2010 Governor's State of the State speeches: on Tax Reform


Tim Pawlenty: Get Minnesota out of the top ten states in taxes

It's plainly obvious that Minnesota's tax system is not even close to competitive. We've made some progress by achieving a decades-long goal of getting Minnesota out of the top ten states in taxes. We've dramatically slowed down state government spending And even in this economy, we've seen Minnesota's GDP grow more than 25% during my time in office. While our unemployment rate is too high, it's significantly below the national average.
Source: Minnesota 2010 State of the State Address Feb 11, 2010

Ed Rendell: Eliminate 74 exemptions & reduce sales tax from 6% to 4%

We should eliminate the 74 non-essential exemptions to the state sales tax. Under our proposal, there will still be no sales tax imposed on essential items like food, clothing, and prescription drugs. And it preserves sales tax exemption for our manufacturers and non-profit cultural institutions. But we will eliminate exemptions for professional services like fees for lawyers and accountants.
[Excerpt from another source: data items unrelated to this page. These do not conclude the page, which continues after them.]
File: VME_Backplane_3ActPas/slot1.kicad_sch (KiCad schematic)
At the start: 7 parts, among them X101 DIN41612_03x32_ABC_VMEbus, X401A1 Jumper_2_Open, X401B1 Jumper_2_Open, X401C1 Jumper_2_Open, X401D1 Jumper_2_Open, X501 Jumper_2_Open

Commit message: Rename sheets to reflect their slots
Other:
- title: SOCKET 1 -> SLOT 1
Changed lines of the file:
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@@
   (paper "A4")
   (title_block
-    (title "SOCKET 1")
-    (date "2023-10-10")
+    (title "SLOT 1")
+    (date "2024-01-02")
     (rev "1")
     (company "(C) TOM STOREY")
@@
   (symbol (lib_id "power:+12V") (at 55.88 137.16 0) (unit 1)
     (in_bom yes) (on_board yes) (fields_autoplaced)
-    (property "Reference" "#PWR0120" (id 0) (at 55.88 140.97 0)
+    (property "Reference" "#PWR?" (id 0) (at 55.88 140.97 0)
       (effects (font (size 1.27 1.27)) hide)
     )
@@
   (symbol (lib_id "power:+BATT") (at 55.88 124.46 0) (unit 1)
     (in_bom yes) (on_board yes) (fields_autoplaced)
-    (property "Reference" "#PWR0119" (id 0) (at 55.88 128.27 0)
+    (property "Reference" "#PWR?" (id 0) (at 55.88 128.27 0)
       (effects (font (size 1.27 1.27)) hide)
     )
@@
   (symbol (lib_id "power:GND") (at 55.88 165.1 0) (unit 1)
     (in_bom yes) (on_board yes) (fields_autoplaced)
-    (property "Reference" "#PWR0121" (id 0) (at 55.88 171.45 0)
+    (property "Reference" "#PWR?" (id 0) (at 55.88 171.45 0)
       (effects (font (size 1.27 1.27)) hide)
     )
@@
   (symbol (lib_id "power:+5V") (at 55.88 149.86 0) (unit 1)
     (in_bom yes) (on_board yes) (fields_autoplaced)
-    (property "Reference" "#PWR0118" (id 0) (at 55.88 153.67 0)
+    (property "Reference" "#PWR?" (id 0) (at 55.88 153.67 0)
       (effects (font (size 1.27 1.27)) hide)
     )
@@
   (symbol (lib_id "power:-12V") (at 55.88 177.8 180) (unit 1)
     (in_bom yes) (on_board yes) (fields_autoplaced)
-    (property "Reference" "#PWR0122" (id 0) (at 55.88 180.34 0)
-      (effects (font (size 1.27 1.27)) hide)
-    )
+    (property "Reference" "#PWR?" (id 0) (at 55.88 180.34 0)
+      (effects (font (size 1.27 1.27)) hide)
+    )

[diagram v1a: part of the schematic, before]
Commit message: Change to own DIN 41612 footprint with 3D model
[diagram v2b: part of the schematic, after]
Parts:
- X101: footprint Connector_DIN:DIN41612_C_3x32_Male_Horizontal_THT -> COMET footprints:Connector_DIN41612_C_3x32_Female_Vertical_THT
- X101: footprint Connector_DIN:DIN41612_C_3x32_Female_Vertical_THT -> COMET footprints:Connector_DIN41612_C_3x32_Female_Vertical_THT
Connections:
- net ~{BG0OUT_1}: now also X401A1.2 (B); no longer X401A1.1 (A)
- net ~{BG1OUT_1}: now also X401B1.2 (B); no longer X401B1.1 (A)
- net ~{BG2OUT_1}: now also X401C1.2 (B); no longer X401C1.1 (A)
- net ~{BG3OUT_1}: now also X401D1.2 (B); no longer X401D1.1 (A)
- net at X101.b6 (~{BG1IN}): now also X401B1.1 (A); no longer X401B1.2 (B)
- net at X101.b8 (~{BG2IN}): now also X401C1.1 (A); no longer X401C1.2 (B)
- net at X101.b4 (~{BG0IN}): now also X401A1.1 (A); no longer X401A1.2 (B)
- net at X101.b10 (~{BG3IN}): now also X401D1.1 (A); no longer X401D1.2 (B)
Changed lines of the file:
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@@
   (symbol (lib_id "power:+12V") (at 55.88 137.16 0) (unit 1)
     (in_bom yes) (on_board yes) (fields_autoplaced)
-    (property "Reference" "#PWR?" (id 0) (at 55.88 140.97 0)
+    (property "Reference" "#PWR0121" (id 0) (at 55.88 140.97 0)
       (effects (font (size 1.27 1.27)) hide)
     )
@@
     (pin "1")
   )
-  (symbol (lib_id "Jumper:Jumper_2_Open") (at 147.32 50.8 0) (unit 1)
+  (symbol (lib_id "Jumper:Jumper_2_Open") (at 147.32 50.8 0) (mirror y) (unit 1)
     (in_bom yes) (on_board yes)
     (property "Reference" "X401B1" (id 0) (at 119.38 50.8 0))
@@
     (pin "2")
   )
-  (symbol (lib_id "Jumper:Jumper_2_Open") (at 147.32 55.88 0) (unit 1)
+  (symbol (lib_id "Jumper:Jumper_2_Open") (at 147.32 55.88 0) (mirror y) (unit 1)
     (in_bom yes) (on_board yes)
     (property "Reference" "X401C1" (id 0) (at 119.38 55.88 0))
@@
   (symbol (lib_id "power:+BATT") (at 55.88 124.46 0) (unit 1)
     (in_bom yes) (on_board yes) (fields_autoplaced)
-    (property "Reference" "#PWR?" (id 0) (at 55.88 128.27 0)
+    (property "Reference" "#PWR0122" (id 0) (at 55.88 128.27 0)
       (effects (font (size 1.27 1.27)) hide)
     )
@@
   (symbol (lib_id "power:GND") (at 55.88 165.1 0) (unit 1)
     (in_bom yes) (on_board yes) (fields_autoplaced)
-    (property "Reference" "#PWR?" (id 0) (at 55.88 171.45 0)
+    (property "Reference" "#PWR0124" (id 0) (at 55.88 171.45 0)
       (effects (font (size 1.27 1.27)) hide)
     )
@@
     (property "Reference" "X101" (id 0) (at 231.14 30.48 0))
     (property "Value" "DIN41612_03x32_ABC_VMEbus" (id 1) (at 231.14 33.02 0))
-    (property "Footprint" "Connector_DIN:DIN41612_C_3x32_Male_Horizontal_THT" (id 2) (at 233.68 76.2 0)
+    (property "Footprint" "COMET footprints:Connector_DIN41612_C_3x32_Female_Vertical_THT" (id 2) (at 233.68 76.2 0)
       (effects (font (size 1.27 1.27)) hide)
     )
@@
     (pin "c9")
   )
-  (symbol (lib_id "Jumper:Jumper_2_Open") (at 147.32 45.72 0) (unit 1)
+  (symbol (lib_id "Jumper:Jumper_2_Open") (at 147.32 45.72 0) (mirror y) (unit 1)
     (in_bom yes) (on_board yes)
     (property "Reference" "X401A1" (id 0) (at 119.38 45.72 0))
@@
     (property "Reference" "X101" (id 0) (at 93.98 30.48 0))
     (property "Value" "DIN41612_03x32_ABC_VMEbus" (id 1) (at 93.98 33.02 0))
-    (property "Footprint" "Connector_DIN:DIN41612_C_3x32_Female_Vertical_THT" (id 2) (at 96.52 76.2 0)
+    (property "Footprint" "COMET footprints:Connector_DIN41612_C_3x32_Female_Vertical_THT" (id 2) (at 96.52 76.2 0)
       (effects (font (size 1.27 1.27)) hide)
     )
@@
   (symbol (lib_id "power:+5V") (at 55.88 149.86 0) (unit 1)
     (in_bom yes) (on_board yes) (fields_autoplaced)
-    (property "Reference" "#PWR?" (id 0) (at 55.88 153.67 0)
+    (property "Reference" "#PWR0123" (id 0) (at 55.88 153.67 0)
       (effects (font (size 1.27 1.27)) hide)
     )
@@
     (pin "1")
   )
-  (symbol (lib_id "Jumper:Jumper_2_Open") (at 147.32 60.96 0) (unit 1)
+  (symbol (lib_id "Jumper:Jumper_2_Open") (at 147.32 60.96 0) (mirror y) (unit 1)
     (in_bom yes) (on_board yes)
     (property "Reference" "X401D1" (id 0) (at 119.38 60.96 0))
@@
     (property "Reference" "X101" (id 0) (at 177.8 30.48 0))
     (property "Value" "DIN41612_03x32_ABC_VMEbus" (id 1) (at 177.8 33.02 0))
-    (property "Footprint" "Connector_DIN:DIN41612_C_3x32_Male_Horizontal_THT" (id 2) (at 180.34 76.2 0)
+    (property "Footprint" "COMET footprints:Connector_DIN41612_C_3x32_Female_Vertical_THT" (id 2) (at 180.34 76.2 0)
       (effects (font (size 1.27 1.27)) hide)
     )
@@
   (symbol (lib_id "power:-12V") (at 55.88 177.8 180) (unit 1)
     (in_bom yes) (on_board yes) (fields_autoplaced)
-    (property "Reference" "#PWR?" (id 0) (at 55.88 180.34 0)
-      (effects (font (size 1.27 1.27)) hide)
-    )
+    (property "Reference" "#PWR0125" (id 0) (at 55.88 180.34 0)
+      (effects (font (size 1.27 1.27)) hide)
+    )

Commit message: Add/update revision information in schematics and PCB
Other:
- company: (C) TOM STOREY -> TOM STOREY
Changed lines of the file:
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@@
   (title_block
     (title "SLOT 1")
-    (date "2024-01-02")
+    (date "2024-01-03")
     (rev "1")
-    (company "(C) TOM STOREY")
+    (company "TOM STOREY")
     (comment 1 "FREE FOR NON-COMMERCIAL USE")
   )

By closing these loopholes, we can broaden the base of the state sales tax and actually reduce it from 6% to 4%. Let me put it another way: my proposal will cut the sales tax statewide for every Pennsylvanian by one-third.

The sales tax today is a testament to the power of lobbyists and special interests. There is little rhyme or reason why we tax some items or services and wholly exempt others, except that in years past someone lobbied to secure favored treatment for themselves. My proposal calls for the elimination of these loopholes so that everyone pays his or her fair share of the sales tax.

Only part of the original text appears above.